EXERCISE PROMPT → Lines from the entries below that hold "Plate" form the answer; copy all of them.
———
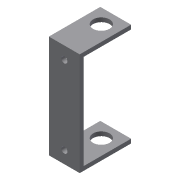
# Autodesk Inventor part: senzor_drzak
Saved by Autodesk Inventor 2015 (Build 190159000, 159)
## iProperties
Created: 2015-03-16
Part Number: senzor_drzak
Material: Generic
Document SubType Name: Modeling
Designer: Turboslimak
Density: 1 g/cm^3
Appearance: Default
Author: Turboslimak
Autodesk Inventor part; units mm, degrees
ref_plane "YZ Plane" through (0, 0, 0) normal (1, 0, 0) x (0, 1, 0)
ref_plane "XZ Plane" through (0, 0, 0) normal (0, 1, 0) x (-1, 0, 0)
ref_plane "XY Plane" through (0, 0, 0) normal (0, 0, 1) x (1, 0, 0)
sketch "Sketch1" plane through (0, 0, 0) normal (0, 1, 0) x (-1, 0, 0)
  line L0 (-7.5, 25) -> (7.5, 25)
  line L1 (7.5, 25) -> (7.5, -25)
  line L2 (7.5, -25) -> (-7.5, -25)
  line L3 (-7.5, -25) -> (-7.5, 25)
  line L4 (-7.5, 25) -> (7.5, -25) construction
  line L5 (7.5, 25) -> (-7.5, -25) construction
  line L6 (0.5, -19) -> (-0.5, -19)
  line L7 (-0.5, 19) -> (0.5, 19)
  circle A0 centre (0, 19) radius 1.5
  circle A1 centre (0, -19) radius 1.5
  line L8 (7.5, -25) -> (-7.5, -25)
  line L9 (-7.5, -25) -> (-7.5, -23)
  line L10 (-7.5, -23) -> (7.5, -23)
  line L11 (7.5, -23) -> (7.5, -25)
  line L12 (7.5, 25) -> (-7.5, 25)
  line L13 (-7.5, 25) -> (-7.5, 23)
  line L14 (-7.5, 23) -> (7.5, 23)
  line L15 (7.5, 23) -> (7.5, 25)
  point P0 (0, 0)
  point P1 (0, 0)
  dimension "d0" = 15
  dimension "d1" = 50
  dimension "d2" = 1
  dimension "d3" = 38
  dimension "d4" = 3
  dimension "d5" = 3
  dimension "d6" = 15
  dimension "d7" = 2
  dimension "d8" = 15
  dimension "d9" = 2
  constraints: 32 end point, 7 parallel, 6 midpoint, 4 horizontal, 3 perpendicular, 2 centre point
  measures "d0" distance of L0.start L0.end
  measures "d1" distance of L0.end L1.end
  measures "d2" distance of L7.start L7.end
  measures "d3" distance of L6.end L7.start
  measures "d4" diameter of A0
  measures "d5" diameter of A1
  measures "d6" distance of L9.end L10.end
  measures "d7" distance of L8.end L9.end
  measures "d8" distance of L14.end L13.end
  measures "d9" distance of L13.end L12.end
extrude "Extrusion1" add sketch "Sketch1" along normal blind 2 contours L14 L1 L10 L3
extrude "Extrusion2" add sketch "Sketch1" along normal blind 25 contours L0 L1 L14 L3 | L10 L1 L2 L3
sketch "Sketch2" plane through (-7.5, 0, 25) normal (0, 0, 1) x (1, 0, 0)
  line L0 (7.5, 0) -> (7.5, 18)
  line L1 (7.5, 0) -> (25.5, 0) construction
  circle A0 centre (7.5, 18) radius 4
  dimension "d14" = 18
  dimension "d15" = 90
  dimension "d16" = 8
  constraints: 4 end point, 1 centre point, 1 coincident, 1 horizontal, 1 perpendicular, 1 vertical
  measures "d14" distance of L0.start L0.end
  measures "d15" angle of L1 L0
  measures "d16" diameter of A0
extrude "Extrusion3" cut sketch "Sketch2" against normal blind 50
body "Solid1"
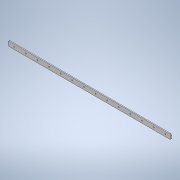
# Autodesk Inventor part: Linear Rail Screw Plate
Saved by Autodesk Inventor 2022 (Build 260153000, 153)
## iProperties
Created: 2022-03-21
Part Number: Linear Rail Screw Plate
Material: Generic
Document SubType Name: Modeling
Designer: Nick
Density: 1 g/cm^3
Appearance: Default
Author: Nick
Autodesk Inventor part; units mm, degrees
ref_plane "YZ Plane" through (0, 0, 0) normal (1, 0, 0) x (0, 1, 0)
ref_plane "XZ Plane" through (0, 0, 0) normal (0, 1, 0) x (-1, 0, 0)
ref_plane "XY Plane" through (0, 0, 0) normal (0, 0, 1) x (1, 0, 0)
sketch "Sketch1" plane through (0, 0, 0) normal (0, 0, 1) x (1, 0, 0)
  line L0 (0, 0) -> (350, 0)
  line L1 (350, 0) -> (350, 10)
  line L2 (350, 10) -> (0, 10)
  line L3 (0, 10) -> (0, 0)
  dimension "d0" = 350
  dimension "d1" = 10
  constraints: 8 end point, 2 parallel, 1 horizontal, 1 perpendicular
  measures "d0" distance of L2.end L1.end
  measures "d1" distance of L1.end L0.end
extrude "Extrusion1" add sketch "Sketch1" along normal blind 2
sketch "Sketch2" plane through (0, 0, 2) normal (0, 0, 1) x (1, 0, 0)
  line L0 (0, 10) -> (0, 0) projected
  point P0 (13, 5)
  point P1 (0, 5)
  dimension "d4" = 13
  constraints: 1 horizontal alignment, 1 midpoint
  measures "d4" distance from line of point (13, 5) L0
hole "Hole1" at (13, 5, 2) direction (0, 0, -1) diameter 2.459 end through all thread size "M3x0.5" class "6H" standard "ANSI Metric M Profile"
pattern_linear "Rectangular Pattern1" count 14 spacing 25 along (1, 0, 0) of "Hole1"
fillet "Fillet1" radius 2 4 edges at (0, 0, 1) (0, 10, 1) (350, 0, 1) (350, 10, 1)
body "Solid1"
———
ANSWER SECTION →
# Autodesk Inventor part: Linear Rail Screw Plate
Part Number: Linear Rail Screw Plate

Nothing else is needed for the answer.